> AIM OF THE TASK
Pictures stay out of the copy. Retype exactly the lines below from the one with "[picture b6top: board" through the one with "Board: 2 copper layers, 14.0".

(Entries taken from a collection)
◇ ◇ ◇ ◇

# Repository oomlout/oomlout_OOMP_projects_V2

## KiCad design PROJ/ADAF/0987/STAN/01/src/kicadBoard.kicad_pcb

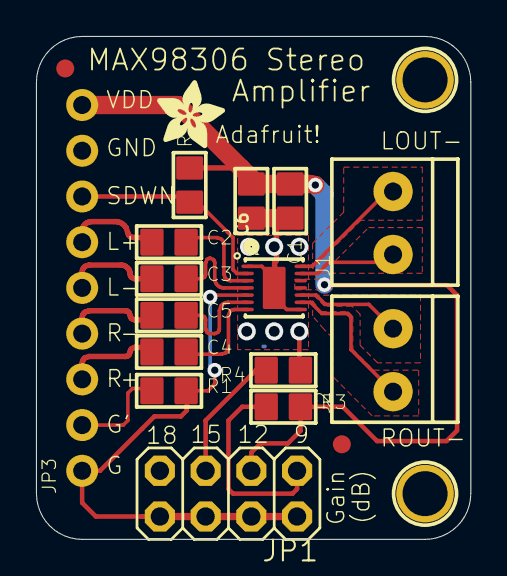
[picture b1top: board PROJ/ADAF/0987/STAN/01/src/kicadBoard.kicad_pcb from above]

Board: 2 copper layers, 24.1 x 27.9 mm, 20 parts (0 on the bottom side), 19 nets.

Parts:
C1: 0.1µF; 0805
C2, C3, C4, C5: 1µF; 0805
C6: 10µF; 0805
FID1, FID2: FIDUCIAL""; FIDUCIAL_1MM
J1: OUTL; TERMBLOCK_1X2-3.5MM
J2: OUTR; TERMBLOCK_1X2-3.5MM
JP1: 2X04
JP3: 1X09_ROUND_70
R1, R3, R4: 100K; 0805
R5: 10K; 0805
U1: MAX98306ETD+T; TDFN14_3X3MM
U$6, U$7: MOUNTINGHOLE2.5; MOUNTINGHOLE_2.5_PLATED
U$10: ADAFRUIT_3.5MM

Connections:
GAIN1: JP1.2, JP1.4, JP1.6, JP1.8, JP3.1, R1.2, U1.P$5
GAIN2: JP3.2, R1.1
GND: C1.2, C6.2, JP1.7, JP3.8, R4.1, U1.P$1, U1.P$8, U1.P$THERMAL
IN_LEFT+: C2.1, JP3.6
IN_LEFT-: C3.1, JP3.5
IN_RIGHT+: C4.1, JP3.3
IN_RIGHT-: C5.1, JP3.4
LOUT-: J1.1, U1.P$14
unnamed: JP1.1, R3.1
unnamed: C2.2, U1.P$3
unnamed: JP1.5, R4.2
unnamed: C3.2, U1.P$4
unnamed: C4.2, U1.P$7
unnamed: C5.2, U1.P$6
unnamed: J1.2, U1.P$13
unnamed: J2.2, U1.P$9
ROUT+: J2.1, U1.P$10
SHUTDOWN: JP3.7, R5.1, U1.P$2
VDD: C1.1, C6.1, JP1.3, JP3.9, R3.2, R5.2, U1.P$11, U1.P$12

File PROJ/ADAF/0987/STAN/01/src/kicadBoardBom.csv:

"Id";"Designator";"Package";"Quantity";"Designation";"Supplier and ref";
1;"C1";"0805";1;"0.1µF";;;
2;"U$10";"ADAFRUIT_3.5MM";1;"";;;
3;"R1,R3,R4";"0805";3;"100K";;;
4;"JP1";"2X04";1;"";;;
5;"J1";"TERMBLOCK_1X2-3.5MM";1;"OUTL";;;
6;"FID1,FID2";"FIDUCIAL_1MM";2;"FIDUCIAL""";;;
7;"U$7,U$6";"MOUNTINGHOLE_2.5_PLATED";2;"MOUNTINGHOLE2.5";;;
8;"C4,C5,C2,C3";"0805";4;"1µF";;;
9;"J2";"TERMBLOCK_1X2-3.5MM";1;"OUTR";;;
10;"JP3";"1X09_ROUND_70";1;"";;;
11;"R5";"0805";1;"10K";;;
12;"C6";"0805";1;"10µF";;;
13;"U1";"TDFN14_3X3MM";1;"MAX98306ETD+T";;;

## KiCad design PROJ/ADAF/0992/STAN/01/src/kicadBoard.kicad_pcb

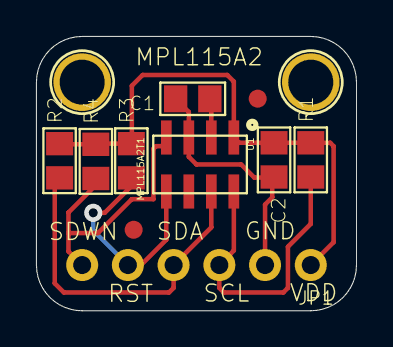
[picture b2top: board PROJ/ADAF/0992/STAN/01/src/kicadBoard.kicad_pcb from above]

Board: 2 copper layers, 17.8 x 15.2 mm, 13 parts (1 on the bottom side), 7 nets.

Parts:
C1, C2: 1µF; 0805
FID1, FID2: FIDUCIAL""; FIDUCIAL_1MM
JP1: 1X06_ROUND_70
R1, R2, R3, R4: 10K; 0805
U1: MPL115A2T1; LGA8
U$8, U$9: MOUNTINGHOLE2.5; MOUNTINGHOLE_2.5_PLATED
U$14: ADAFRUIT_3.5MM

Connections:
GND: C1.2, C2.2, JP1.2, U1.P$3
unnamed: C1.1, U1.P$2
RESET: JP1.5, R3.1, U1.P$5
SCL: JP1.3, R1.1, U1.P$8
SDA: JP1.4, R2.1, U1.P$7
SHDN: JP1.6, R4.1, U1.P$4
VDD: C2.1, JP1.1, R1.2, R2.2, R3.2, R4.2, U1.P$1

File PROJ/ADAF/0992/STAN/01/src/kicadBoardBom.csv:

"Id";"Designator";"Package";"Quantity";"Designation";"Supplier and ref";
1;"R4,R3,R1,R2";"0805";4;"10K";;;
2;"U$9,U$8";"MOUNTINGHOLE_2.5_PLATED";2;"MOUNTINGHOLE2.5";;;
3;"C2,C1";"0805";2;"1µF";;;
4;"FID2,FID1";"FIDUCIAL_1MM";2;"FIDUCIAL""";;;
5;"JP1";"1X06_ROUND_70";1;"";;;
6;"U1";"LGA8";1;"MPL115A2T1";;;
7;"U$14";"ADAFRUIT_3.5MM";1;"";;;

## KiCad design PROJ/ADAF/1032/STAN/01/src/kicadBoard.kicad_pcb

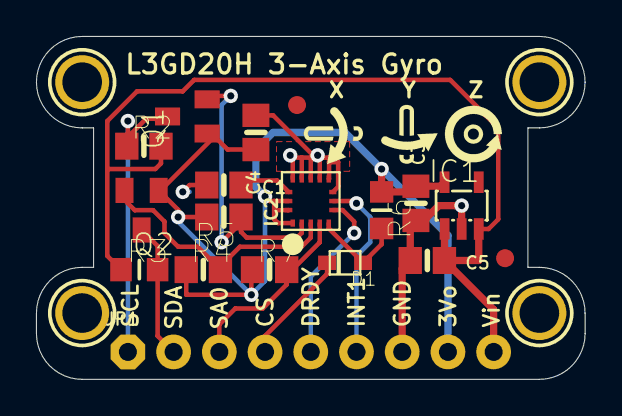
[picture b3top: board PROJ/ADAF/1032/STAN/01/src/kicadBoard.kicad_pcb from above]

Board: 2 copper layers, 30.5 x 19.0 mm, 24 parts (1 on the bottom side), 13 nets.

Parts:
C1, C4: 0.1uF; 0805-NO
C3, C5: 10uF; 0805-NO
D1: 1N4148; SOD-323F
IC1: MIC5225-3.3; SOT23-5L
IC2: LGD20H; L3GD20H_LGA16L
JP1: 1X09_ROUND_76
Q1, Q2: BSS138; SOT23
R2, R4, R5, R7: 10K; 0805-NO
R3, R6: 10K; _0805MP
U$3: SYMBOL_GYROXYZ_10MM
U$10: ADAFRUIT_TEXT_20MM
U$11, U$12, U$13, U$14: MOUNTINGHOLE2.0; MOUNTINGHOLE_2.0_PLATED
U$15, U$16: FIDUCIAL; FIDUCIAL_1MM

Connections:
+3V3: C3.2, C4.2, IC1.5, IC2.1, IC2.15, IC2.16, JP1.8, Q1.1, Q2.1, R4.1, R5.2, R6.1, R7.1
+5V: C5.2, IC1.1, IC1.3, JP1.9, R2.2, R3.1
CS_3.3V: D1.A, IC2.5, R6.2
CS_5.0V: D1.C, JP1.4
DRDY/INT2: IC2.6, JP1.5
GND: C1.1, C3.1, C4.1, C5.1, IC1.2, IC2.8, IC2.9, IC2.10, IC2.11, IC2.12, IC2.13, JP1.7
INT1: IC2.7, JP1.6
unnamed: C1.2, IC2.14
SCL/SPC_3.3V: IC2.2, Q1.2, R5.1
SCL/SPC_5.0V: JP1.1, Q1.3, R2.1
SDA/SDI/SDO_3.3V: IC2.3, Q2.2, R4.2
SDA/SDI/SDO_5.0V: JP1.2, Q2.3, R3.2
SDO/SAO: IC2.4, JP1.3, R7.2

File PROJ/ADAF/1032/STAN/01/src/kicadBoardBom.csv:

"Id";"Designator";"Package";"Quantity";"Designation";"Supplier and ref";
1;"R5,R7,R2,R4";"0805-NO";4;"10K";;;
2;"U$16,U$15";"FIDUCIAL_1MM";2;"FIDUCIAL";;;
3;"U$12,U$11,U$14,U$13";"MOUNTINGHOLE_2.0_PLATED";4;"MOUNTINGHOLE2.0";;;
4;"R3,R6";"_0805MP";2;"10K";;;
5;"Q1,Q2";"SOT23";2;"BSS138";;;
6;"U$3";"SYMBOL_GYROXYZ_10MM";1;"";;;
7;"JP1";"1X09_ROUND_76";1;"";;;
8;"D1";"SOD-323F";1;"1N4148";;;
9;"C5,C3";"0805-NO";2;"10uF";;;
10;"IC1";"SOT23-5L";1;"MIC5225-3.3";;;
11;"C4,C1";"0805-NO";2;"0.1uF";;;
12;"IC2";"L3GD20H_LGA16L";1;"LGD20H";;;
13;"U$10";"ADAFRUIT_TEXT_20MM";1;"";;;

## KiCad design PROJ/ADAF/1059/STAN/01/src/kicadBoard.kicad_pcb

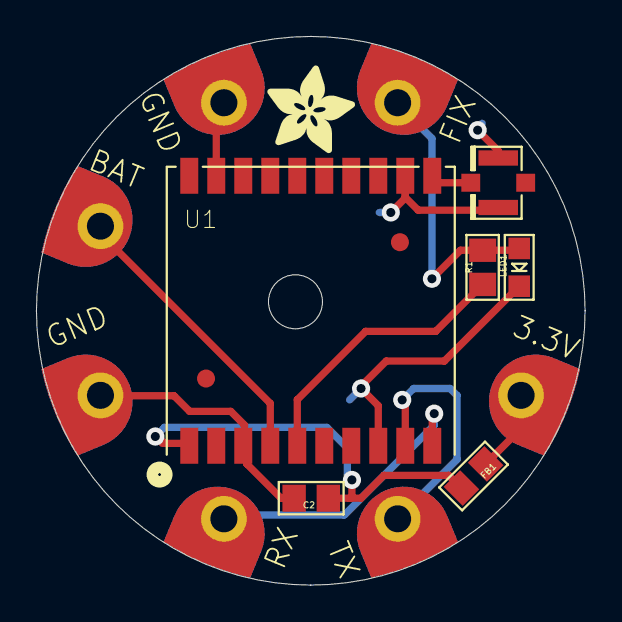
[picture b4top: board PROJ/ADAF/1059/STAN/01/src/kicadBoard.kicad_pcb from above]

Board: 2 copper layers, 30.5 x 30.5 mm, 17 parts (1 on the bottom side), 9 nets.

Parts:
C2: 10uF; 0805
FB1: Ferrite; 0805
FID1, FID2: FIDUCIAL""; FIDUCIAL_1MM
GND0, GND1: SEWTAP-2.0IN; SEWINGTAP_2.0
LED1: FIX; CHIPLED_0805
R1: 1K; 0805
RX0: SEWTAP-2.0IN; SEWINGTAP_2.0
TP1, TP4: SEWTAP-2.0IN; SEWINGTAP_2.0
TX0: SEWTAP-2.0IN; SEWINGTAP_2.0
U1: FGPMMOPA6H
U$6: ADAFRUIT_5MM
U$7: FLORASMALL
U$20: U.FL
UNK3V3IN0: SEWTAP-2.0IN; SEWINGTAP_2.0

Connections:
3.3V: C2.1, FB1.2, U1.P$1
GND: C2.2, GND0.P$1, GND1.P$1, LED1.C, U1.P$3, U1.P$8, U1.P$12, U1.P$19, U$20.P$1, U$20.P$2
unnamed: LED1.A, R1.1, TP4.P$1
unnamed: R1.2, U1.P$5
unnamed: FB1.1, UNK3V3IN0.P$1
unnamed: U1.P$11, U$20.P$3
RX: RX0.P$1, U1.P$10
TX: TX0.P$1, U1.P$9
VBACKUP: TP1.P$1, U1.P$4

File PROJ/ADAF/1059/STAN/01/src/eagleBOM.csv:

"Part";"Value";"Device";"Package";"Description";"";
"3V3IN";"SEWTAP-2.0IN";"SEWTAP-2.0IN";"SEWINGTAP_2.0";"";"";
"C2";"10uF";"CAP_CERAMIC0805";"0805";"Ceramic Capacitors";"";
"FB1";"Ferrite";"FERRITE0805";"0805";"Ferrite Bead";"";
"FID1";"FIDUCIAL""";"FIDUCIAL""";"FIDUCIAL_1MM";"Fiducial Alignment Points";"";
"FID2";"FIDUCIAL""";"FIDUCIAL""";"FIDUCIAL_1MM";"Fiducial Alignment Points";"";
"GND";"SEWTAP-2.0IN";"SEWTAP-2.0IN";"SEWINGTAP_2.0";"";"";
"GND1";"SEWTAP-2.0IN";"SEWTAP-2.0IN";"SEWINGTAP_2.0";"";"";
"LED1";"FIX";"LED0805";"CHIPLED_0805";"LED";"";
"R1";"1K";"RESISTOR0805";"0805";"Resistors";"";
"RX";"SEWTAP-2.0IN";"SEWTAP-2.0IN";"SEWINGTAP_2.0";"";"";
"TP1";"SEWTAP-2.0IN";"SEWTAP-2.0IN";"SEWINGTAP_2.0";"";"";
"TP4";"SEWTAP-2.0IN";"SEWTAP-2.0IN";"SEWINGTAP_2.0";"";"";
"TX";"SEWTAP-2.0IN";"SEWTAP-2.0IN";"SEWINGTAP_2.0";"";"";
"U$20";"U.FL";"U.FL";"U.FL";"U.FL Antenna Connector";"";
"U1";"FGPMMOPA6H";"GPS_FGPMMOPA6H";"FGPMMOPA6H";"GPS Module - MTK MT3339 Chipset, -165dBm sensitivity, 22 channels, 10Hz, auto-select external antenna options";"";

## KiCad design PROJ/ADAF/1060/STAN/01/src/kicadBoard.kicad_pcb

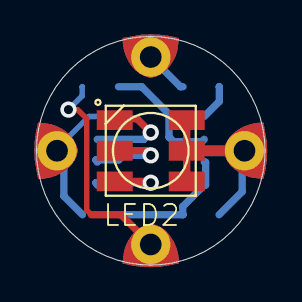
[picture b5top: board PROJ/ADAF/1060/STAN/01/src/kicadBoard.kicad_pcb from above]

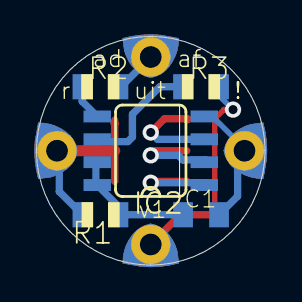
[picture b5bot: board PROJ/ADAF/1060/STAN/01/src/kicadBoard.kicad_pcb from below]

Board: 16 copper layers, 12.7 x 12.7 mm, 10 parts (5 on the bottom side), 10 nets.

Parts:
C1: 1uF; C0805K
DATA_INPUT0: SEWTAP0.5IN; SEWINGTAP_0.5
DATA_OUTPUT0: SEWTAP0.5IN; SEWINGTAP_0.5
GND0: SEWTAP0.5IN; SEWINGTAP_0.5
IC2: WS2811-SOP8; SO08-SKINNYPADS
LED2: RGBLED5050
R1: 1.0K; R0805
R2, R3: 22; R0805
VDD0: SEWTAP0.5IN; SEWINGTAP_0.5

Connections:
GND: C1.2, GND0.TAP, IC2.4
unnamed: IC2.3, LED2.4
unnamed: IC2.2, LED2.5
unnamed: IC2.1, LED2.6
unnamed: IC2.6, R3.1
unnamed: IC2.5, R2.1
unnamed: DATA_INPUT0.TAP, R3.2
unnamed: DATA_OUTPUT0.TAP, R2.2
unnamed: C1.1, IC2.7, IC2.8, R1.1
VDD: LED2.1, LED2.2, LED2.3, R1.2, VDD0.TAP

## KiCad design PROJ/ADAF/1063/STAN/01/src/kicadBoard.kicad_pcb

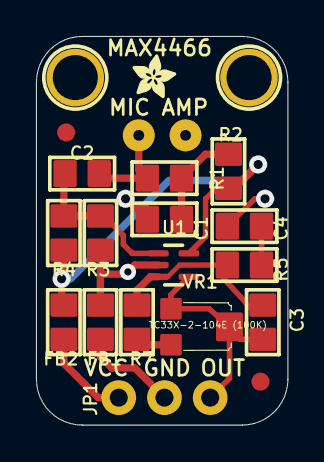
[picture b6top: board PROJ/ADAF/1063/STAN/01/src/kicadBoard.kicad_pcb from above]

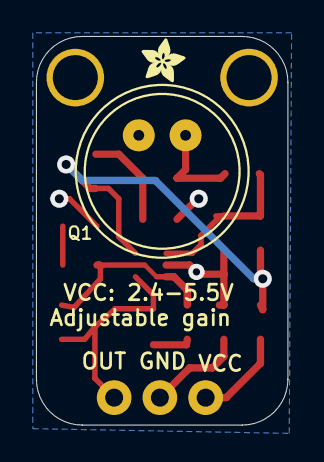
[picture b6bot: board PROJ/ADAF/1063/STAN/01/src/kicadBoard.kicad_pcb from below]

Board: 2 copper layers, 14.0 x 21.6 mm, 22 parts (2 on the bottom side), 11 nets.

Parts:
C1: 0.1µF; 0805
C2: 0.01uF; 0805
C3: 100pF; 0805
C4: 10uF; 0805
FB1, FB2: FERRITE; 0805
FID1, FID2: FIDUCIAL""; FIDUCIAL_1MM
JP1: 1X03_ROUND_76
Q1: CMA-4544PF-W; ELECTRET_9.7
R1, R2, R5: 1K; 0805
R3, R4: 1M; 0805
R7: 22K; 0805
U1: MAX4466EXK+T; SC70-5
U$11, U$14: MOUNTINGHOLE2.5; MOUNTINGHOLE_2.5_PLATED
U$16, U$17: ADAFRUIT_2.5MM
VR1: TC33X-2-104E (100K); TRIMPOT_BOURNS_TC33X-2

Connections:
AGND: C1.2, C4.2, FB1.2, Q1.-, R3.1, U1.2
AVCC: FB2.1, R2.2, R4.2, U1.5
GND: FB1.1, JP1.2
unnamed: C3.2, R5.2, R7.1, U1.3
unnamed: R7.2, VR1.3
unnamed: C2.1, Q1.+, R1.1
unnamed: C1.1, R1.2, R2.1
unnamed: C2.2, R3.2, R4.1, U1.1
unnamed: C3.1, JP1.3, U1.4, VR1.1, VR1.2
unnamed: C4.1, R5.1
VCC: FB2.2, JP1.1

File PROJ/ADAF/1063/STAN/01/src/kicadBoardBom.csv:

"Id";"Designator";"Package";"Quantity";"Designation";"Supplier and ref";
1;"R4,R3";"0805";2;"1M";;;
2;"U$16,U$17";"ADAFRUIT_2.5MM";2;"";;;
3;"FB2,FB1";"0805";2;"FERRITE";;;
4;"R1,R2,R5";"0805";3;"1K";;;
5;"FID1,FID2";"FIDUCIAL_1MM";2;"FIDUCIAL""";;;
6;"JP1";"1X03_ROUND_76";1;"";;;
7;"U$14,U$11";"MOUNTINGHOLE_2.5_PLATED";2;"MOUNTINGHOLE2.5";;;
8;"U1";"SC70-5";1;"MAX4466EXK+T";;;
9;"VR1";"TRIMPOT_BOURNS_TC33X-2";1;"TC33X-2-104E (100K)";;;
10;"R7";"0805";1;"22K";;;
11;"C2";"0805";1;"0.01uF";;;
12;"C4";"0805";1;"10uF";;;
13;"C3";"0805";1;"100pF";;;
14;"C1";"0805";1;"0.1µF";;;
15;"Q1";"ELECTRET_9.7";1;"CMA-4544PF-W";;;

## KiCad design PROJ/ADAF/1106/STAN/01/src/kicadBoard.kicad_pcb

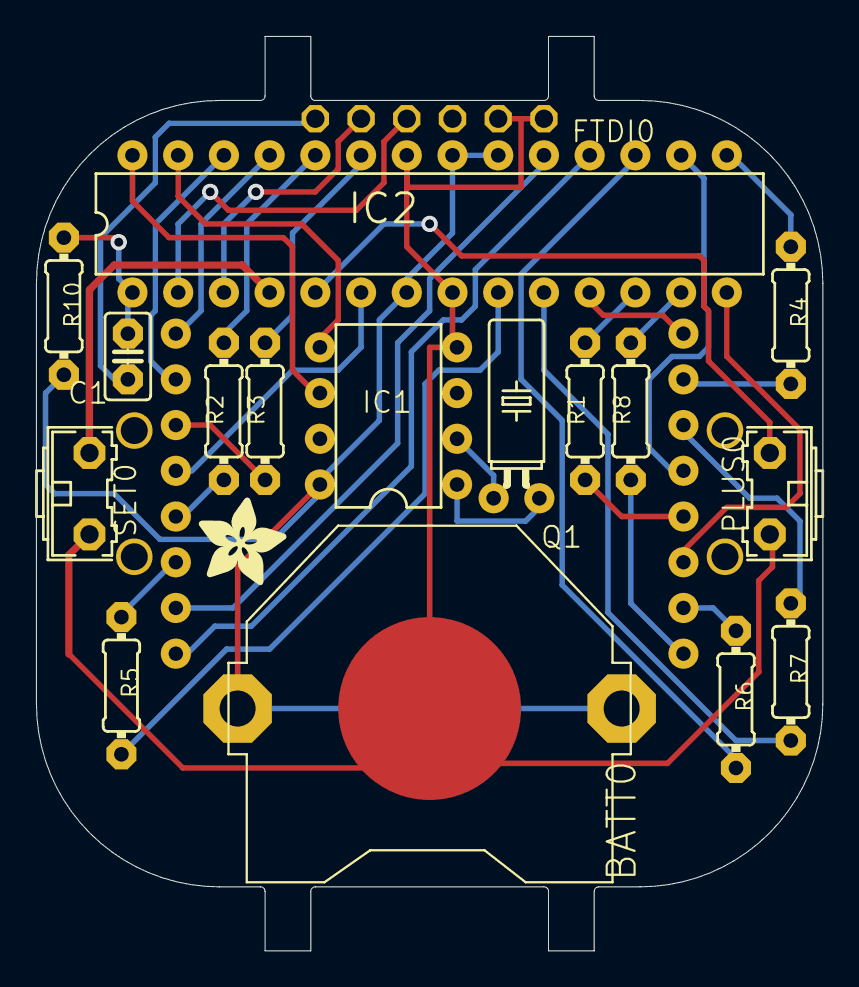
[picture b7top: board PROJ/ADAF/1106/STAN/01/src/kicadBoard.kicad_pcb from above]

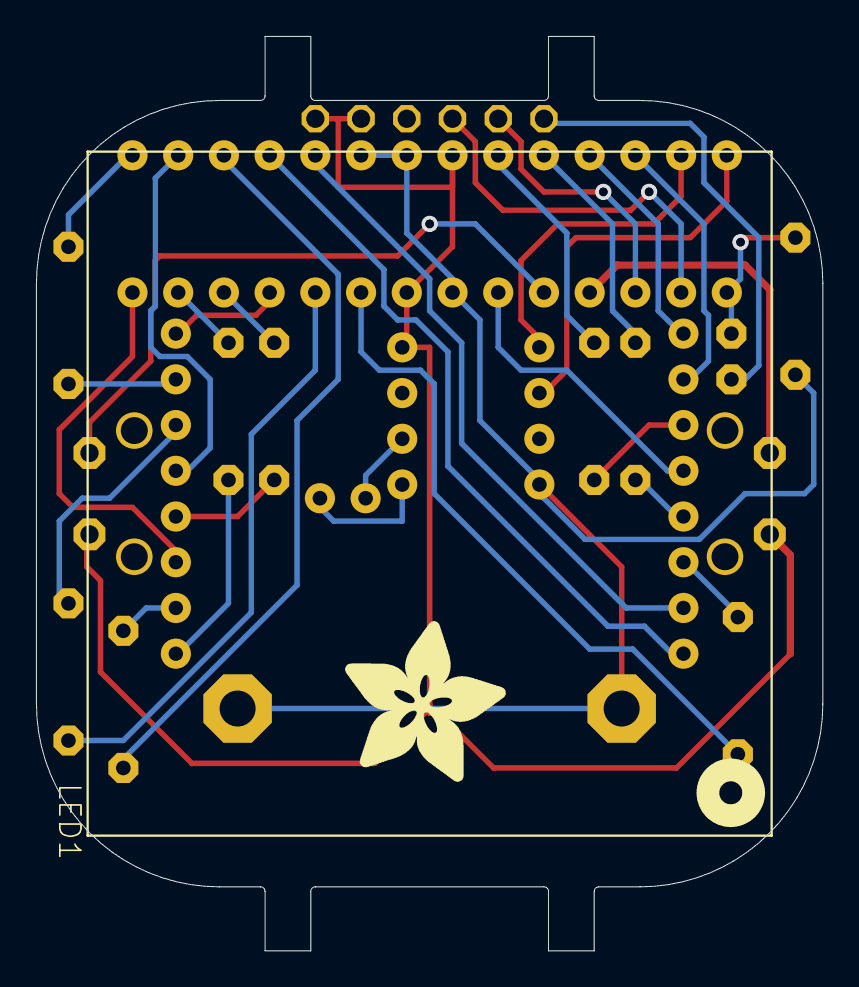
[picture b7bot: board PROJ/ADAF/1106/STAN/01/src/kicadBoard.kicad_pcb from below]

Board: 16 copper layers, 43.7 x 50.8 mm, 20 parts (2 on the bottom side), 36 nets.

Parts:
BATT0: CR2032; CR2032-THRU
C1: 0.1uF; C025-025X050
FTDI0: DNP; 1X06-CLEAN
IC1: DS1337; DIL08-ROUND
IC2: ATMEGA168PROUND; DIL28-3-ROUND
LED1: BL-M15881B; SEGMENT_BL-M15A881
PLUS0: B3F-31XX-SKINNIER
Q1: 32.768KHz; TC38H
R1, R2, R3, R4, R5, R6, R7, R8: 47; 0204_7
R10: 10K; 0204_7
SET0: B3F-31XX-SKINNIER
U$1: ADAFRUIT_5MM
U$2: ADAFRUIT_9MM

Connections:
GND: BATT0.-, FTDI0.1, FTDI0.2, IC1.4, IC2.8, IC2.22, PLUS0.1, SET0.2
I2C_SCL: IC1.6, IC2.28
I2C_SDA: IC1.5, IC2.27
LEDANODE0: LED1.13, R1.2
LEDANODE1: LED1.3, R5.2
LEDANODE2: LED1.4, R2.2
LEDANODE3: LED1.10, R4.2
LEDANODE4: LED1.6, R3.2
LEDANODE5: LED1.11, R7.2
LEDANODE6: LED1.15, R6.2
LEDANODE7: LED1.16, R8.2
LEDCATHODE0: IC2.11, LED1.9
LEDCATHODE1: IC2.14, LED1.14
LEDCATHODE2: IC2.25, LED1.8
LEDCATHODE3: IC2.16, LED1.12
LEDCATHODE4: IC2.18, LED1.1
LEDCATHODE5: IC2.26, LED1.7
LEDCATHODE6: IC2.19, LED1.2
LEDCATHODE7: IC2.6, LED1.5
unnamed: C1.2, IC2.1, R10.2
unnamed: IC1.1, Q1.2
unnamed: IC1.2, Q1.1
unnamed: IC2.4, SET0.1
unnamed: IC2.5, PLUS0.2
unnamed: IC2.12, R1.1
unnamed: IC2.23, R3.1
unnamed: IC2.9, R5.1
unnamed: IC2.10, R7.1
unnamed: IC2.24, R2.1
unnamed: IC2.17, R6.1
unnamed: IC2.13, R8.1
unnamed: IC2.15, R4.1
unnamed: C1.1, FTDI0.6
RXD: FTDI0.4, IC2.2
TXD: FTDI0.5, IC2.3
VCC: BATT0.+1, BATT0.+2, IC1.8, IC2.7, IC2.20, IC2.21, R10.1

◇ ◇ ◇ ◇

> TASK RESULT
[picture b6top: board PROJ/ADAF/1063/STAN/01/src/kicadBoard.kicad_pcb from above]

[picture b6bot: board PROJ/ADAF/1063/STAN/01/src/kicadBoard.kicad_pcb from below]

Board: 2 copper layers, 14.0 x 21.6 mm, 22 parts (2 on the bottom side), 11 nets.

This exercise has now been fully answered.